Nguyen Duc-Phong, Nguyen Tan-Nhu, Dakpé Stéphanie, Ho Ba Tho Marie-Christine, Dao Tien-Tuan
Université de Technologie de Compiègne, CNRS, Biomechanics and Bioengineering, Centre de Recherche Royallieu, Compiègne, CEDEX, CS 60319-60203, France.
Department of Maxillo-Facial Surgery, CHU Amiens-Picardie, 80000 Amiens, France.
Bioengineering (Basel). 2022 Oct 27;9(11):619. doi: 10.3390/bioengineering9110619.
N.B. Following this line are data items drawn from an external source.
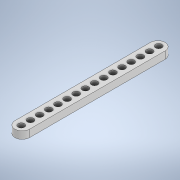
# Autodesk Inventor part: rearLeg_bot
Saved by Autodesk Inventor 2020 (Build 240168000, 168)
## iProperties
Created: 2019-04-04
Part Number: rearLeg_bot
Material: Generic
Document SubType Name: Modeling
Designer: mfans
Density: 1 g/cm^3
Appearance: Default
Author: mfans
Autodesk Inventor part; units mm, degrees
ref_plane "YZ Plane" through (0, 0, 0) normal (1, 0, 0) x (0, 1, 0)
ref_plane "XZ Plane" through (0, 0, 0) normal (0, 1, 0) x (-1, 0, 0)
ref_plane "XY Plane" through (0, 0, 0) normal (0, 0, 1) x (1, 0, 0)
sketch "Sketch1" plane through (0, 0, 0) normal (0, 1, 0) x (-1, 0, 0)
  line L0 (4, 40) -> (-4, 40)
  line L1 (-4, 40) -> (-4, -40)
  line L2 (-4, -40) -> (4, -40)
  line L3 (4, -40) -> (4, 40)
  line L4 (4, 40) -> (-4, -40) construction
  line L5 (-4, 40) -> (4, -40) construction
  point P0 (0, 0)
  dimension "d0" = 8
  dimension "d1" = 80
  constraints: 12 end point, 2 midpoint, 2 parallel, 1 horizontal, 1 perpendicular
  measures "d0" distance of L1.end L2.end
  measures "d1" distance of L0.end L1.end
extrude "Extrusion1" add sketch "Sketch1" along normal blind 4
sketch "Sketch2" plane through (0, 4, 0) normal (0, 1, 0) x (1, 0, 0)
  line L0 (-4, -40) -> (4, -40) projected
  line L1 (-4, 40) -> (-4, -40) projected
  line L2 (-4, -40) -> (4, -40) projected
  line L3 (4, -40) -> (4, 40) projected
  line L4 (4, 40) -> (-4, 40) projected
  point P0 (0, 0)
  point P1 (0, -37.5)
  point P2 (0, -32.5)
  point P3 (0, -27.5)
  point P4 (0, -22.5)
  point P5 (0, -17.5)
  point P6 (0, -12.5)
  point P7 (0, -7.5)
  point P8 (0, -2.5)
  point P9 (0, 2.5)
  point P10 (0, 7.5)
  point P11 (0, 12.5)
  point P12 (0, 17.5)
  point P13 (0, 22.5)
  point P14 (0, 27.5)
  point P15 (0, 32.5)
  point P16 (0, 37.5)
  dimension "d4" = 2.5
  dimension "d7" = 5
  constraints: 1 vertical, 15 other
  measures "d4" distance from line of L0 point (0, -37.5)
  measures "d7" distance of point (0, -37.5) point (0, -32.5)
hole "Hole1" at (0, 4, 37.5) at (0, 4, 32.5) at (0, 4, 27.5) at (0, 4, 22.5) at (0, 4, 17.5) at (0, 4, 12.5) at (0, 4, 7.5) at (0, 4, 2.5) at (0, 4, -2.5) at (0, 4, -7.5) at (0, 4, -12.5) at (0, 4, -17.5) at (0, 4, -22.5) at (0, 4, -27.5) at (0, 4, -32.5) at (0, 4, -37.5) direction (0, -1, 0) diameter 3.5 end through all
thicken "Thicken1" operation add thickness 1 both sides no extend neighbours yes toward (0, 0, 1) faces at (-1.3333, 1.3333, 40)
thicken "Thicken2" operation add thickness 1 both sides no extend neighbours yes toward (0, 0, -1) faces at (1.3333, 1.3333, -40)
fillet "Fillet1" radius 4 4 edges at (-4, 2, -41) (4, 2, -41) (4, 2, 41) (-4, 2, 41)
body "Solid1"

The 3D reconstruction of an accurate face model is essential for delivering reliable feedback for clinical decision support. Medical imaging and specific depth sensors are accurate but not suitable for an easy-to-use and portable tool. The recent development of deep learning (DL) models opens new challenges for 3D shape reconstruction from a single image. However, the 3D face shape reconstruction of facial palsy patients is still a challenge, and this has not been investigated. The contribution of the present study is to apply these state-of-the-art methods to reconstruct the 3D face shape models of facial palsy patients in natural and mimic postures from one single image. Three different methods (3D Basel Morphable model and two 3D Deep Pre-trained models) were applied to the dataset of two healthy subjects and two facial palsy patients. The reconstructed outcomes were compared to the 3D shapes reconstructed using Kinect-driven and MRI-based information. As a result, the best mean error of the reconstructed face according to the Kinect-driven reconstructed shape is 1.5±1.1 mm. The best error range is 1.9±1.4 mm when compared to the MRI-based shapes. Before using the procedure to reconstruct the 3D faces of patients with facial palsy or other facial disorders, several ideas for increasing the accuracy of the reconstruction can be discussed based on the results. This present study opens new avenues for the fast reconstruction of the 3D face shapes of facial palsy patients from a single image. As perspectives, the best DL method will be implemented into our computer-aided decision support system for facial disorders.
精确面部模型的三维重建对于提供可靠的反馈以支持临床决策至关重要。医学成像和特定深度传感器虽然精确,但并不适合作为易于使用的便携式工具。深度学习(DL)模型的最新发展为从单张图像进行三维形状重建带来了新的挑战。然而,面瘫患者的三维面部形状重建仍然是一个挑战,且尚未得到研究。本研究的贡献在于应用这些先进方法,从单张图像重建面瘫患者在自然和模仿姿势下的三维面部形状模型。将三种不同方法(三维巴塞尔可变形模型和两种三维深度预训练模型)应用于两名健康受试者和两名面瘫患者的数据集。将重建结果与使用基于Kinect驱动和基于MRI的信息重建的三维形状进行比较。结果,根据基于Kinect驱动重建形状,重建面部的最佳平均误差为1.5±1.1毫米。与基于MRI的形状相比,最佳误差范围为1.9±1.4毫米。在使用该程序重建面瘫或其他面部疾病患者的三维面部之前,可以根据结果讨论几种提高重建准确性的方法。本研究为从单张图像快速重建面瘫患者的三维面部形状开辟了新途径。展望未来,最佳的深度学习方法将被应用到我们针对面部疾病的计算机辅助决策支持系统中。